> TASK BRIEF: Copy each line below in which the string "radius" occurs.

> INFORMATION SUPPLIED:
=-=-=

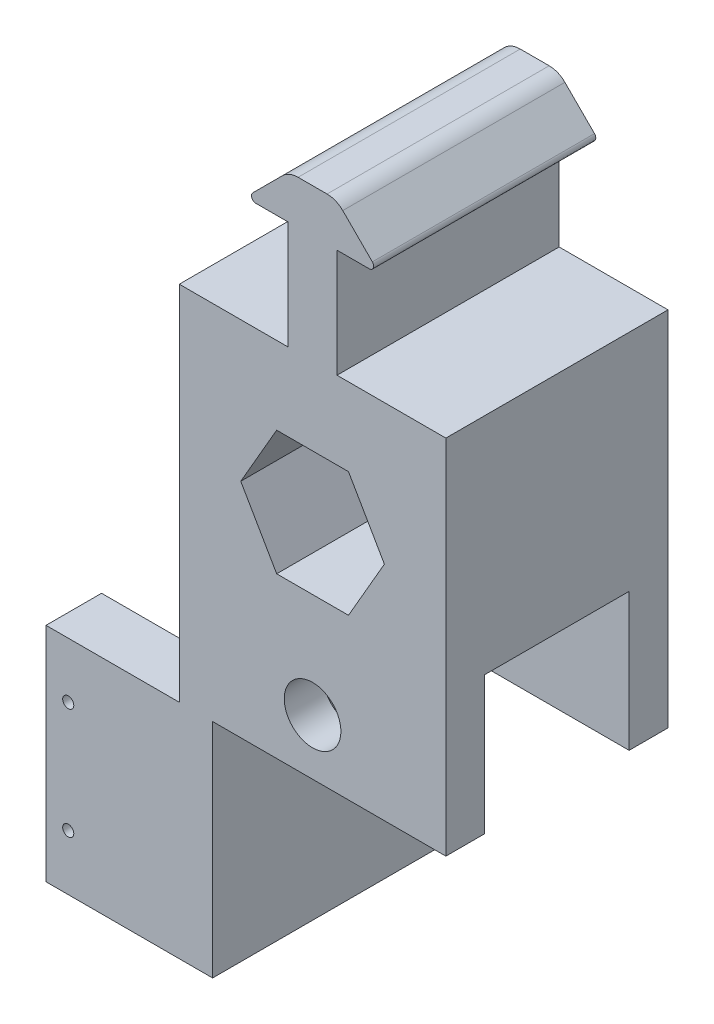
SolidWorks part; units mm, degrees
ref_plane "Front Plane" through (0, 0, 0) normal (0, 0, 1) x (1, 0, 0)
ref_plane "Top Plane" through (0, 0, 0) normal (0, 1, 0) x (1, 0, 0)
ref_plane "Right Plane" through (0, 0, 0) normal (1, 0, 0) x (0, 0, -1)
sketch "Sketch1" plane through (0, 0, 0) normal (0, 0, 1) x (1, 0, 0)
  line L0 (-15.24, 16.002) -> (-15.24, -25.4)
  line L1 (-4.1061, 7.112) -> (-8.2122, 0)
  line L2 (-8.2122, 0) -> (-4.1061, -7.112)
  line L3 (-4.1061, -7.112) -> (4.1061, -7.112)
  line L4 (4.1061, -7.112) -> (8.2122, 0)
  line L5 (8.2122, 0) -> (4.1061, 7.112)
  line L6 (4.1061, 7.112) -> (-4.1061, 7.112)
  line L7 (-15.24, -25.4) -> (15.24, -25.4)
  line L8 (15.24, -25.4) -> (15.24, 16.002)
  line L9 (-15.24, 16.002) -> (-2.794, 16.002)
  line L10 (-2.794, 16.002) -> (-2.794, 28.3845)
  line L11 (-2.794, 28.3845) -> (-6.477, 28.3845)
  line L12 (-6.8362, 29.2517) -> (-3.4525, 32.6355)
  line L13 (-1.6564, 33.3794) -> (1.6564, 33.3794)
  line L14 (0, 41.8096) -> (0, -25.778) construction
  line L15 (15.24, 16.002) -> (2.794, 16.002)
  line L16 (2.794, 16.002) -> (2.794, 28.3845)
  line L17 (6.8362, 29.2517) -> (3.4525, 32.6355)
  line L18 (2.794, 28.3845) -> (6.477, 28.3845)
  line L19 (-6.985, 28.8925) -> (6.985, 28.8925) construction
  circle A0 centre (0, 0) radius 7.112 construction
  arc A1 (-6.477, 28.3845) -> (-6.8362, 29.2517) centre (-6.477, 28.8925) cw
  arc A2 (-3.4525, 32.6355) -> (-1.6564, 33.3794) centre (-1.6564, 30.8394) cw
  arc A3 (3.4525, 32.6355) -> (1.6564, 33.3794) centre (1.6564, 30.8394) ccw
  arc A4 (6.477, 28.3845) -> (6.8362, 29.2517) centre (6.477, 28.8925) ccw
  point P18 (7.7034, 28.3845)
  point P21 (-4.6355, 28.3845)
  point P25 (-7.7034, 28.3845)
  point P29 (0, -25.4)
  point P35 (0, 33.3794)
  dimension "D7" = 0.508
  dimension "D8" = 2.54
  dimension "D1" = 14.224
  dimension "D2" = 21.2725
  dimension "D3" = 5.588
  dimension "D4" = 4.9949
  dimension "D5" = 135
  dimension "D6" = 13.97
  dimension "D9" = 25.4
  dimension "D10" = 8.89
  dimension "D11" = 15.24
extrude "Boss-Extrude1" add sketch "Sketch1" along normal mid plane 25.4
sketch "Sketch10" plane through (0, 0, 0) normal (0, 0, 1) x (1, 0, 0)
  line L0 (-15.24, -25.4) -> (-15.24, -46.99)
  line L1 (-15.24, -46.99) -> (-30.48, -46.99)
  line L2 (-30.48, -46.99) -> (-30.48, -50.8)
  line L3 (-30.48, -50.8) -> (-11.43, -50.8)
  line L4 (-11.43, -50.8) -> (-11.43, -25.4)
  line L5 (-15.24, -25.4) -> (15.24, -25.4) construction
  line L6 (-15.24, -25.4) -> (-11.43, -25.4)
  dimension "D1" = 19.05
  dimension "D2" = 21.59
  dimension "D3" = 3.81
extrude "Boss-Extrude4" add sketch "Sketch10" along normal up to surface and the other way up to surface up to face at (0, 19.8373, 12.7) other way up to face at (0, 19.8373, -12.7)
sketch "Sketch6" plane through (15.24, 0, 0) normal (1, 0, 0) x (0, 0, -1)
  line L0 (-12.7, -7.112) -> (12.7, -7.112) construction
  line L1 (-12.7, -7.112) -> (12.7, -7.112) construction
  line L2 (-8.255, -25.4) -> (-8.255, -9.652)
  line L3 (-8.255, -9.652) -> (8.255, -9.652)
  line L11 (-8.255, -25.4) -> (8.255, -25.4)
  line L12 (8.255, -9.652) -> (8.255, -25.4)
  point P10 (0, -9.652)
  dimension "D2" = 16.51
  dimension "D3" = 2.54
  dimension "D1" = 15.748
extrude "Cut-Extrude2" cut sketch "Sketch6" against normal through all
sketch "Sketch11" plane through (0, -46.99, 0) normal (0, 1, 0) x (1, 0, 0)
  line L0 (-30.48, -12.7) -> (-30.48, 12.7) construction
  line L1 (-15.24, -12.7) -> (-15.24, 12.7) construction
  line L2 (-30.48, -3.81) -> (-30.48, 3.81)
  line L3 (-15.24, -3.81) -> (-15.24, 3.81)
  line L4 (-30.48, 3.81) -> (-15.24, 3.81)
  line L5 (-30.48, -3.81) -> (-15.24, -3.81)
  point P8 (-15.24, 0)
  point P9 (-30.48, 0)
  dimension "D1" = 7.62
extrude "Cut-Extrude3" cut sketch "Sketch11" against normal up to surface (3.81 mm away) up to face at (-20.955, -50.8, 0)
sketch "Sketch15" plane through (0, 0, 12.7) normal (0, 0, 1) x (1, 0, 0)
  line L1 (-4.1061, -7.112) -> (4.1061, -7.112) construction
  circle A0 centre (0, -19.05) radius 3.2385
  point P7 (0, -7.112)
  dimension "D1" = 6.477
  dimension "D2" = 11.938
extrude "Cut-Extrude4" cut sketch "Sketch15" against normal up to surface (25.4 mm away) up to face at (-4.191, 6.0908, -12.7)
sketch "Sketch16" plane through (-15.24, 0, 0) normal (-1, 0, 0) x (0, 0, 1)
  line L0 (12.7, -46.99) -> (3.81, -46.99) construction
  line L1 (-3.81, -46.99) -> (-12.7, -46.99) construction
  line L2 (12.7, -46.99) -> (6.35, -46.99)
  line L3 (-6.35, -46.99) -> (-12.7, -46.99)
  line L4 (-12.7, -46.99) -> (-12.7, -25.4)
  line L5 (-12.7, 16.002) -> (-12.7, -46.99) construction
  line L6 (-12.7, -25.4) -> (-6.35, -25.4)
  line L7 (-6.35, -25.4) -> (-6.35, -46.99)
  line L8 (6.35, -46.99) -> (6.35, -25.4)
  line L9 (6.35, -25.4) -> (12.7, -25.4)
  line L10 (12.7, 16.002) -> (12.7, -46.99) construction
  line L11 (12.7, -25.4) -> (12.7, -46.99)
  line L12 (8.255, -25.4) -> (-8.255, -25.4) construction
  dimension "D1" = 6.35
extrude "Boss-Extrude5" add sketch "Sketch16" along normal blind 15.24
sketch "Sketch17" plane through (0, 0, 12.7) normal (0, 0, 1) x (1, 0, 0)
  line L0 (-30.48, -25.4) -> (-15.24, -25.4) construction
  circle A0 centre (-27.94, -31.75) radius 0.635
  circle A1 centre (-27.94, -44.45) radius 0.635
  point P5 (0, 0)
  dimension "D3" = 1.27
  dimension "D1" = 12.7
  dimension "D2" = 12.7
  dimension "D4" = 6.35
extrude "Cut-Extrude5" cut sketch "Sketch17" against normal through all

=-=-=

> EXERCISE SOLUTION:
  circle A0 centre (0, 0) radius 7.112 construction
  circle A0 centre (0, -19.05) radius 3.2385
  circle A0 centre (-27.94, -31.75) radius 0.635
  circle A1 centre (-27.94, -44.45) radius 0.635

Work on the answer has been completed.